Maurizio Vitale wrote:
"Phil Endecott" <spam_from_boost_dev@chezphil.org> writes:
- My concerns about how to do, for example, a 32x32->64-bit multiply efficiently without actually doing a 64x64->64-bit multiply.
I don't see too many ways out. One thing people do is to shift right by 16 both operands, do a 16x16->32 and then shift the result left by 32. (e.g. compute (x/2^16 * y/2^16)*2^32). This maintains at least the magnitude of the result, but whether it is acceptable or not depends on the application domain.
No, I'm not interested in anything with loss of precision.
Btw, X86_64 gives you 64x64->128, I think.
That's interesting. Is there any way to use that from C++? Of course, it also has a relatively efficient 32x32->64 because it has a single instruction for 64x64->64. So any code for this problem would have to be architecture-specific. But here is the sort of thing that I am thinking about for machines that only have 32x32->32: In these figures, each letter represents 16 bits. If I want to do 32x32->64, I need to break up the two operands into two 16-bit portions and do this calculation: A B x C D --------- B*D A*D C*B A*C --------- So that's 4 multiplies. This compares to the naive method where, in C++, I first cast to 64-bits and the compiler generates a 64x64->64 multiply like this: A B C D x E F G H ----------------- D*H C*H G*D B*H C*G F*D A*H B*G F*C E*D ------------------ That uses 10 multiplies. You don't need to do e.g. A*E as it falls off the most significant end of the result. (Have I got that right?) If you are lucky there might be some run-time zero detection that simplifies it a bit (e.g. in gcc this is done in a library function). But even then detecting it at compile time by explicitly asking fora 32x32->64 multiplication would still be better. (Is this sort of integer arithmetic of interest to people, other than as the implementation of fixed point? I believe there was a big-int SoC proposal; does that overlap with this?)

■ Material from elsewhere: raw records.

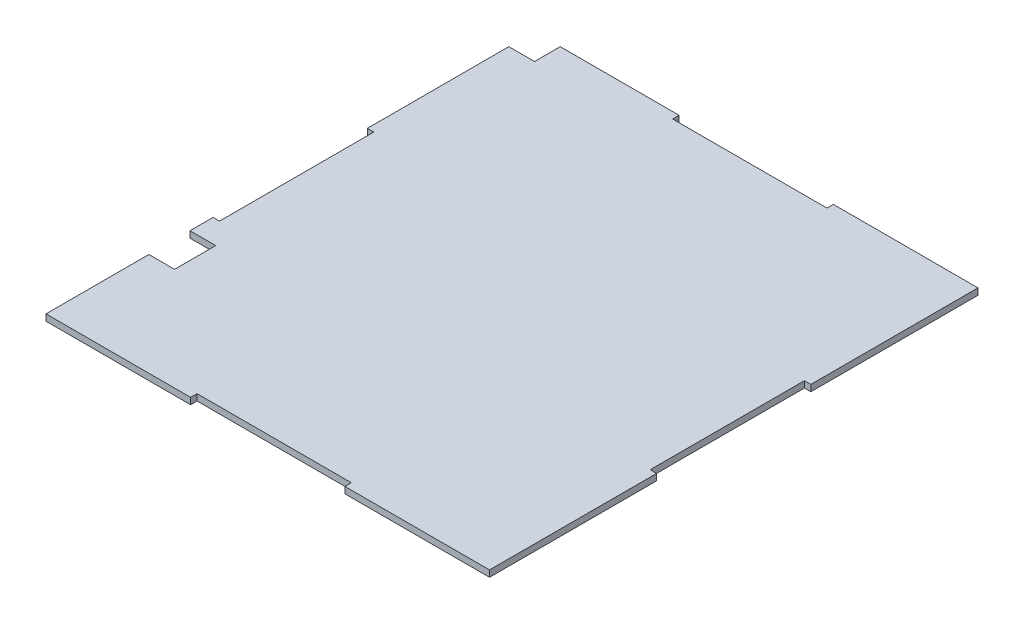
SolidWorks part; units mm, degrees
ref_plane "Front Plane" through (0, 0, 0) normal (0, 0, 1) x (1, 0, 0)
ref_plane "Top Plane" through (0, 0, 0) normal (0, 1, 0) x (1, 0, 0)
ref_plane "Right Plane" through (0, 0, 0) normal (1, 0, 0) x (0, 0, -1)
sketch "Sketch2" plane through (0, 0, 0) normal (0, 1, 0) x (1, 0, 0)
  line L1 (0, 0) -> (219.075, 0)
  line L2 (0, 0) -> (0, 241.3)
  line L3 (0, 241.3) -> (219.075, 241.3)
  line L4 (219.075, 0) -> (219.075, 241.3)
  dimension "D2" = 241.3
  dimension "D1" = 219.075
extrude "Boss-Extrude1" add sketch "Sketch2" along normal blind 3.175
sketch "Sketch3" plane through (0, 3.175, 0) normal (0, 1, 0) x (1, 0, 0)
  line L0 (0, 120.65) -> (1.5875, 120.65) construction
  line L1 (3.175, 158.75) -> (0, 158.75)
  line L2 (3.175, 158.75) -> (3.175, 82.55)
  line L3 (3.175, 82.55) -> (0, 82.55)
  line L4 (0, 158.75) -> (0, 82.55)
  line L5 (3.175, 158.75) -> (0, 82.55) construction
  line L6 (3.175, 82.55) -> (0, 158.75) construction
  line L7 (0, 241.3) -> (0, 0) construction
  line L8 (109.5375, 241.3) -> (109.5375, 120.65) construction
  line L9 (219.075, 241.3) -> (0, 241.3) construction
  line L10 (109.5375, 120.65) -> (219.075, 120.65) construction
  line L11 (219.075, 0) -> (219.075, 241.3) construction
  line L12 (215.9, 82.55) -> (219.075, 158.75) construction
  line L13 (215.9, 158.75) -> (219.075, 82.55) construction
  line L14 (219.075, 120.65) -> (217.4875, 120.65) construction
  line L15 (219.075, 158.75) -> (219.075, 82.55)
  line L16 (215.9, 82.55) -> (219.075, 82.55)
  line L17 (215.9, 158.75) -> (215.9, 82.55)
  line L18 (215.9, 158.75) -> (219.075, 158.75)
  line L19 (71.4375, 3.175) -> (147.6375, 0) construction
  line L20 (71.4375, 241.3) -> (147.6375, 241.3)
  line L21 (71.4375, 241.3) -> (71.4375, 238.125)
  line L22 (71.4375, 238.125) -> (147.6375, 238.125)
  line L23 (147.6375, 241.3) -> (147.6375, 238.125)
  line L24 (71.4375, 241.3) -> (147.6375, 238.125) construction
  line L25 (71.4375, 238.125) -> (147.6375, 241.3) construction
  line L26 (71.4375, 0) -> (147.6375, 3.175) construction
  line L27 (147.6375, 0) -> (147.6375, 3.175)
  line L28 (71.4375, 3.175) -> (147.6375, 3.175)
  line L29 (71.4375, 0) -> (71.4375, 3.175)
  line L30 (71.4375, 0) -> (147.6375, 0)
  point P0 (1.5875, 120.65)
  point P21 (109.5375, 239.7125)
  point P30 (109.5375, 1.5875)
  dimension "D1" = 76.2
  dimension "D2" = 3.175
extrude "Cut-Extrude1" cut sketch "Sketch3" against normal through all
sketch "Sketch4" plane through (0, 3.175, 0) normal (0, 1, 0) x (1, 0, 0)
  line L0 (0, 0) -> (71.4375, 0) construction
  line L1 (0, 71.12) -> (12.7, 71.12)
  line L2 (0, 71.12) -> (0, 50.8)
  line L3 (0, 50.8) -> (12.7, 50.8)
  line L4 (12.7, 71.12) -> (12.7, 50.8)
  line L6 (0, 82.55) -> (0, 0) construction
  line L8 (0, 241.3) -> (12.7, 241.3)
  line L9 (0, 241.3) -> (0, 228.6)
  line L10 (0, 228.6) -> (12.7, 228.6)
  line L11 (12.7, 241.3) -> (12.7, 228.6)
  dimension "D1" = 50.8
  dimension "D2" = 12.7
  dimension "D3" = 20.32
  dimension "D4" = 12.7
  dimension "D5" = 12.7
extrude "Cut-Extrude2" cut sketch "Sketch4" against normal through all
equation "\"depth\"= 7.3"
equation "\"height\"= 9.5"
equation "\"width\"= 8.50"
equation "\"flipWidth\"= 6.5"
equation "\"flipHeight\"= 4"
equation "\"spindleLength\"= 7.75"
equation "\"bearingID\"= 0.1559"
equation "\"bearingOD\"= 0.3539\t"
equation "\"motorWidth\"= 0.79"
equation "\"motorHeight\"= 1.0"
equation "\"motorLength\"= 1.58"
equation "\"spindleMaxDiam\"= 2.75"
equation "\"totalLength\"= 15"
equation "\"D2@Sketch2\"=\"height\""
equation "\"D1@Sketch2\"=\"width\"+1/8"

I've seen in your code that you allocate one more bit than requested by the user in order to detect overflow. As you note this is problematic when you hit the machine operand length. In those cases, besides checking the msbs before and after you can also use the carry flag. It can be accessed through inline asm instruction, or used implicitely via conditional branches and conditional moves.
Yes. Storing a 32-bit safe_int in 32 bits is significantly harder than storing a 31-bit one, however you do it. I believe that most of the time when we ask the compiler for an 'int', we don't really care exactly how many bits it has and making a 31-bit value your default safe_int so that it can use the relatively easy guard bit implementation would be a good enough solution. Regards, Phil.